> **Exercise requirements**
Where the line with "LEVEL: 100kA; 3RP/1610N" appears below, start writing out lines exactly, and finish with the line with "R231, R238: 1K; 0207/7", which is included; write out nothing else.

> **Listed entries**
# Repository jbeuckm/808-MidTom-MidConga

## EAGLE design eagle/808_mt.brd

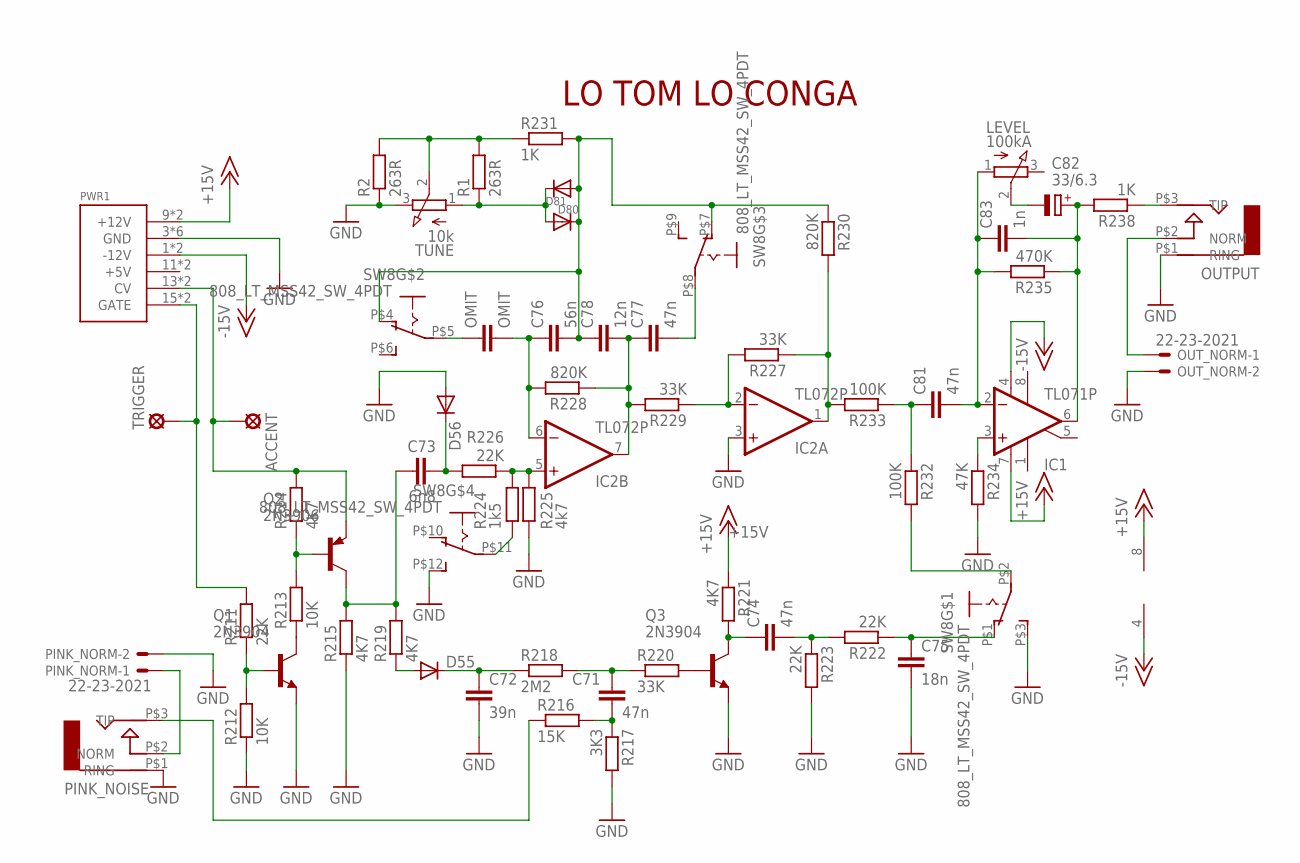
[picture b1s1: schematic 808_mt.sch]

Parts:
ACCENT: LSP10
C71, C74, C77, C81: 47n; C050-024X044
C72: 39n; C050-024X044
C73: 6n8; C035-030X60
C75: 18n; C035-030X60
C76: 56n; C050-024X044
C78: 12n; C035-025X75
C82: 33/6.3; E2-5
C83: 1n; C035-025X75
D55, D56, D80, D81: DIODEDO-1N4148; DO-1N4148
IC1: TL071P; DIL08
IC2: TL072P; DIL08
LEVEL: 100kA; 3RP/1610N
OMIT: OMIT; C050-024X044
OUTPUT: AUDIO-JACK; ERTHENVAR-JACK-90DEG
OUT_NORM: 22-23-2021
PINK_NOISE: AUDIO-JACK; ERTHENVAR-JACK-90DEG
PINK_NORM: 22-23-2021
PWR1: POWER; POWER_16
Q1, Q3: 2N3904; TO92
Q2: 2N3906; TO92
R1, R2: 263R; 0207/7
R211, R222, R223, R226: 22K; 0207/7
R212, R213: 10K; 0207/7
R214, R215, R219, R221: 4K7; 0207/7
R216: 15K; 0207/7
R217: 3K3; 0207/7
R218: 2M2; 0207/7
R220, R227, R229: 33K; 0207/7
R224: 1k5; 0207/7
R225: 4k7; 0207/7
R228, R230: 820K; 0207/7
R231, R238: 1K; 0207/7
R232, R233: 100K; 0207/7
R234: 47K; 0207/7
R235: 470K; 0207/7
SW8: 808_LT_MSS42_SW_4PDT; 808_LT_MSS42_SW_SLIDE
TRIGGER: LSP10
TUNE: 10k; 3RP/1610N

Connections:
+15V: IC1.7 (V+), IC2.8 (V+), PWR1.9 (+12V), PWR1.10 (+12V), R221.1
-15V: IC1.4 (V-), IC2.4 (V-), PWR1.1 (-12V), PWR1.2 (-12V)
GND: C72.2, C75.P$2 (2), D56.A, IC2.3 (+IN), OUTPUT.P$1 (RING), OUT_NORM.2, PINK_NOISE.P$1 (RING), PINK_NORM.2, PWR1.3 (GND), PWR1.4 (GND), PWR1.5 (GND), PWR1.6 (GND), PWR1.7 (GND), PWR1.8 (GND), Q1.3 (E), Q3.3 (E), R2.1, R212.1, R215.1, R217.2, R223.2, R225.1, R234.2, SW8.P$3 (S), SW8.P$12 (S), TUNE.3 (E)
LT: PWR1.15 (GATE), PWR1.16 (GATE), R211.2, TRIGGER.MP
LT_LC_OUT: OUTPUT.P$3 (TIP), R238.1
unnamed: Q3.2 (B), R220.2
unnamed: Q1.1 (C), R213.1
unnamed: OUTPUT.P$2 (NORM), OUT_NORM.1
unnamed: PINK_NOISE.P$2 (NORM), PINK_NORM.1
unnamed: OMIT.1, SW8.P$5
unnamed: IC2.5 (+IN), R224.2, R225.2, R226.1
unnamed: IC1.3 (+IN), R234.1
unnamed: R224.1, SW8.P$11
unnamed: Q2.2 (B), R213.2, R214.1
unnamed: Q1.2 (B), R211.1, R212.2
unnamed: C73.P$1 (1), Q2.1 (C), R215.2, R219.2
unnamed: D55.A, R219.1
unnamed: C73.P$2 (2), D56.C, R226.2
unnamed: C76.2, C78.P$1 (1), D80.A, D81.C, R230.1, R231.2, SW8.P$4 (O), SW8.P$7 (O)
unnamed: C76.1, IC2.6 (-IN), OMIT.2, R228.2
unnamed: C77.1, C78.P$2 (2), IC2.7 (OUT), R228.1, R229.2
unnamed: D80.C, D81.A, R1.1, TUNE.1 (A)
unnamed: R1.2, R2.2, R231.1, TUNE.2 (S)
unnamed: IC2.2 (-IN), R227.2, R229.1
unnamed: IC2.1 (OUT), R227.1, R230.2, R233.2
unnamed: C81.1, R232.1, R233.1
unnamed: C81.2, C83.P$1 (1), IC1.2 (-IN), LEVEL.1 (A), R235.2
unnamed: C82.-, LEVEL.2 (S)
unnamed: C82.+, C83.P$2 (2), IC1.6 (OUT), R235.1, R238.2
unnamed: C74.1, Q3.1 (C), R221.2
unnamed: C75.P$1 (1), R222.1, SW8.P$1 (O)
unnamed: C71.2, R216.2, R217.1
unnamed: C71.1, R218.2, R220.1
unnamed: C72.1, D55.C, R218.1
unnamed: C77.2, SW8.P$8
unnamed: R232.2, SW8.P$2
unnamed: C74.2, R222.2, R223.1
PN: PINK_NOISE.P$3 (TIP), R216.1
TRIG: ACCENT.MP, PWR1.13 (CV), PWR1.14 (CV), Q2.3 (E), R214.2

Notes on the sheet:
LO TOM LO CONGA

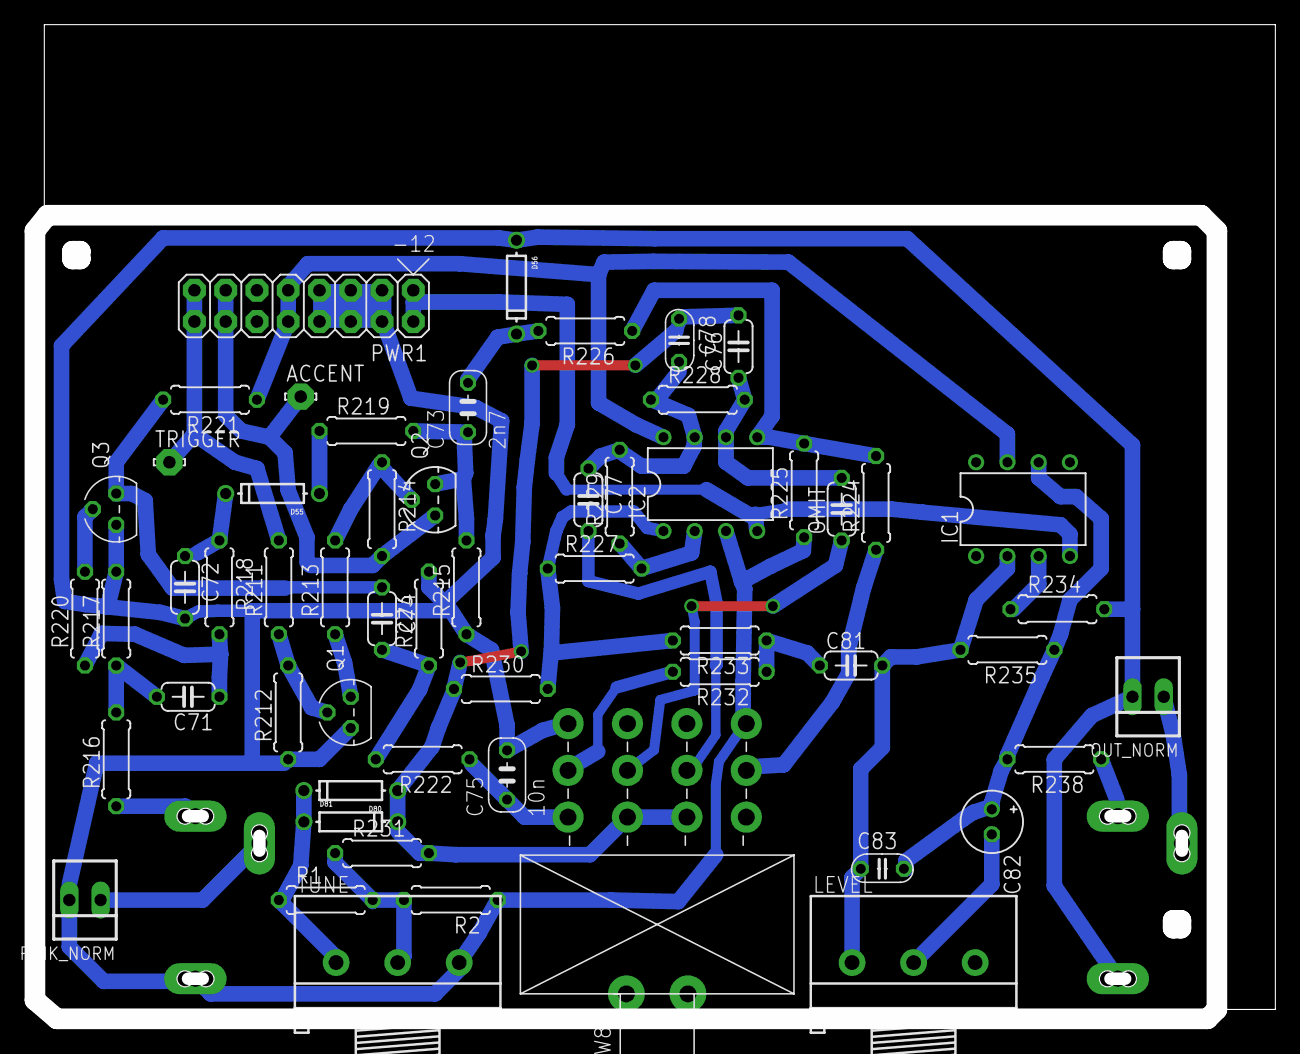
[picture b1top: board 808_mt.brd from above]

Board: 2 copper layers, 100.8 x 80.8 mm, 59 parts (0 on the bottom side), 39 nets.

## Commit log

2016-04-18 renaming to 808_mt
2016-04-19 gcode
2016-04-23 changed values for hitom
2016-05-12 panel
2016-06-06 values for low tom
2018-06-01 adjust values visible and render layout image
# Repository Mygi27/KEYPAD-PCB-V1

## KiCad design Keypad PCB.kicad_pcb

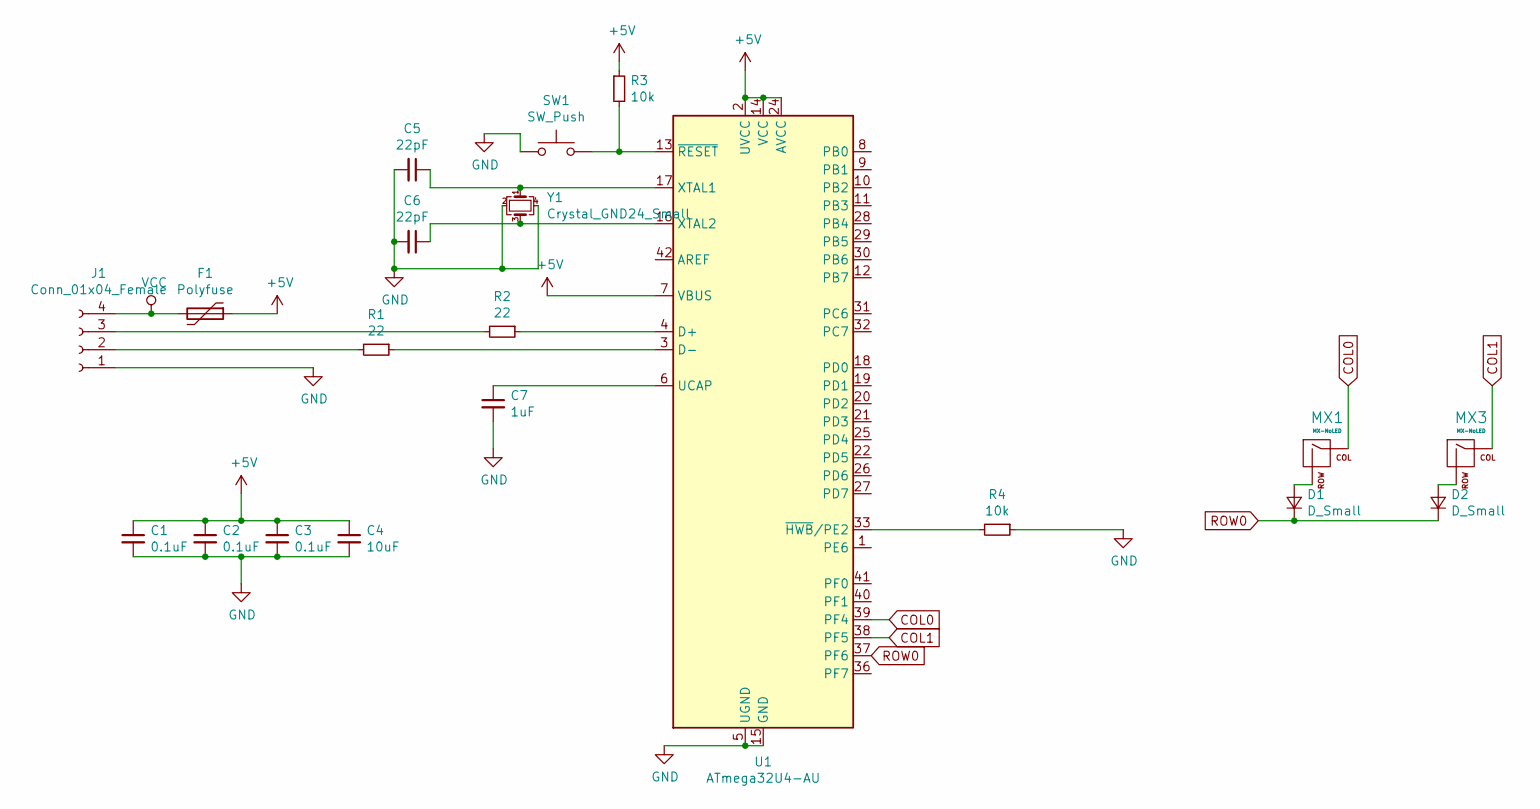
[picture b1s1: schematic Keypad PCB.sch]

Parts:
C1, C2, C3: 0.1uF; C_0805_2012Metric
C4: 10uF; C_0805_2012Metric
C5, C6: 22pF; C_0805_2012Metric
C7: 1uF; C_0805_2012Metric
D1, D2: D_Small; D_SOD-123
F1: Polyfuse; Fuse_1206_3216Metric
J1: Conn_01x04_Female; JST_SH_SM04B-SRSS-TB_04x1.00mm_Angled
MX1, MX3: MX-NoLED; MX-1U-NoLED
R1, R2: 22; R_0805_2012Metric
R3, R4: 10k; R_0805_2012Metric
SW1: SW_Push; SKQG-1155865
U1: ATmega32U4-AU; TQFP-44_10x10mm_P0.8mm
Y1: Crystal_GND24_Small; Crystal_SMD_3225-4Pin_3.2x2.5mm

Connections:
+5V: C1.1, C2.1, C3.1, C4.1, F1.1, R3.1, U1.2 (UVCC), U1.7 (VBUS), U1.14 (VCC), U1.24 (AVCC), U1.34 (VCC), U1.44 (AVCC)
COL0: MX1.1 (COL), U1.39 (PF4)
COL1: MX3.1 (COL), U1.38 (PF5)
GND: C1.2, C2.2, C3.2, C4.2, C5.2, C6.2, C7.2, J1.1, R4.1, SW1.1, U1.5 (UGND), U1.15 (GND), U1.23 (GND), U1.35 (GND), U1.43 (GND), Y1.2, Y1.4
unnamed: C5.1, U1.17 (XTAL1), Y1.1
unnamed: C6.1, U1.16 (XTAL2), Y1.3
unnamed: C7.1, U1.6 (UCAP)
unnamed: D1.2 (A), MX1.2 (ROW)
unnamed: D2.2 (A), MX3.2 (ROW)
unnamed: J1.2, R1.2
unnamed: J1.3, R2.2
unnamed: R1.1, U1.3 (D-)
unnamed: R2.1, U1.4 (D+)
unnamed: R3.2, SW1.2, U1.13 (~RESET)
unnamed: R4.2, U1.33 (~HWB~/PE2)
ROW0: D1.1 (K), D2.1 (K), U1.37 (PF6)
VCC: F1.2, J1.4

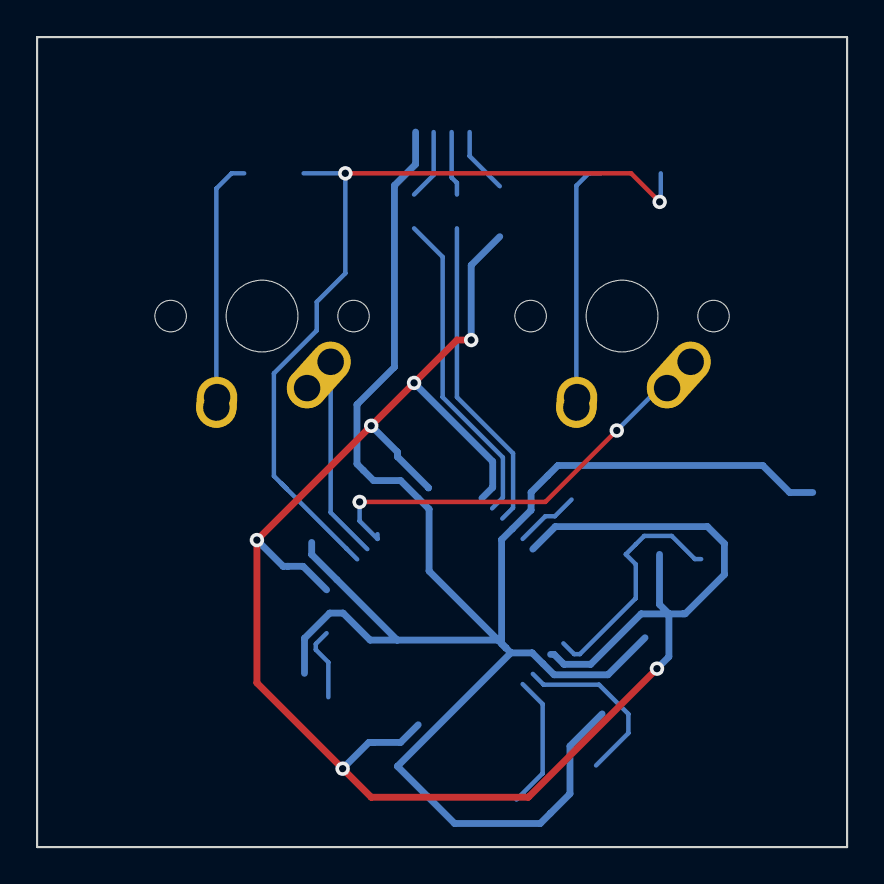
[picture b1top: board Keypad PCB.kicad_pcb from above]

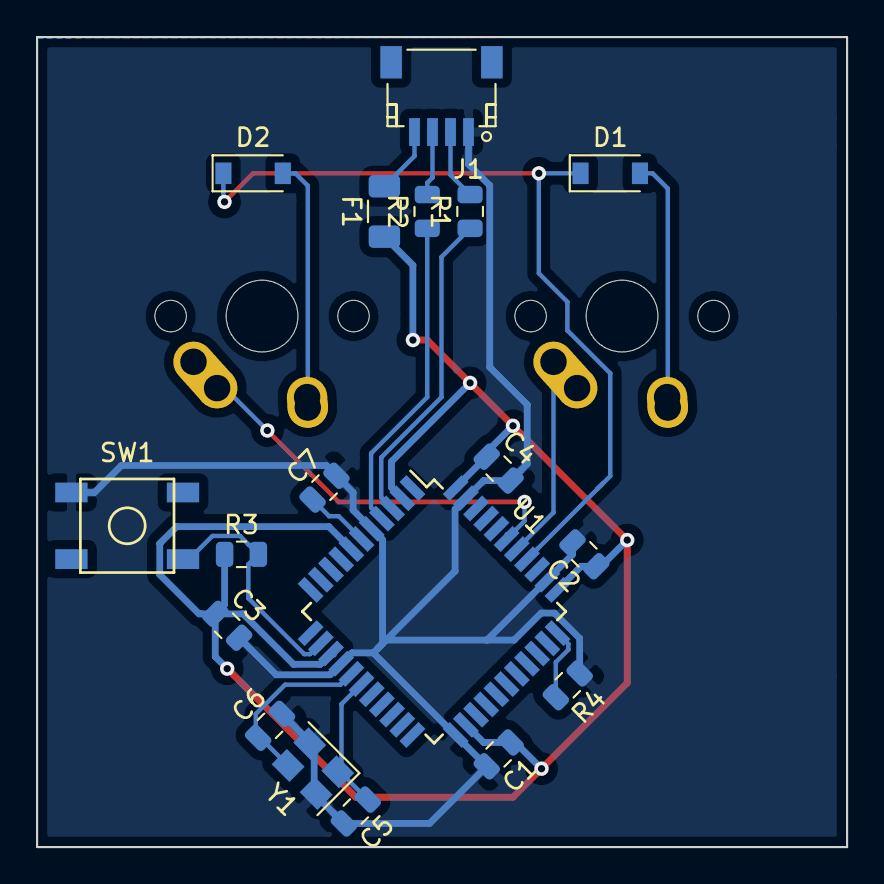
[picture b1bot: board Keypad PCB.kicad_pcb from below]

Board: 2 copper layers, 45.0 x 45.0 mm, 20 parts (18 on the bottom side), 17 nets.

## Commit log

2023-02-05 Création des fichier kicad
2023-02-05 Add submodules
2023-02-05 ajout des librairies
2023-02-05 Schematics
2023-02-05 PCB sans root
2023-02-05 Avancement sur le rooting du pcb
2023-02-06 avancement sur le pcb
2023-02-06 ça avance
2023-02-06 OMG ?
2023-02-06 Alors là
2023-02-06 jcrois c bon hein
2023-02-07 nettoyage

> **Output of the task**
LEVEL: 100kA; 3RP/1610N
OMIT: OMIT; C050-024X044
OUTPUT: AUDIO-JACK; ERTHENVAR-JACK-90DEG
OUT_NORM: 22-23-2021
PINK_NOISE: AUDIO-JACK; ERTHENVAR-JACK-90DEG
PINK_NORM: 22-23-2021
PWR1: POWER; POWER_16
Q1, Q3: 2N3904; TO92
Q2: 2N3906; TO92
R1, R2: 263R; 0207/7
R211, R222, R223, R226: 22K; 0207/7
R212, R213: 10K; 0207/7
R214, R215, R219, R221: 4K7; 0207/7
R216: 15K; 0207/7
R217: 3K3; 0207/7
R218: 2M2; 0207/7
R220, R227, R229: 33K; 0207/7
R224: 1k5; 0207/7
R225: 4k7; 0207/7
R228, R230: 820K; 0207/7
R231, R238: 1K; 0207/7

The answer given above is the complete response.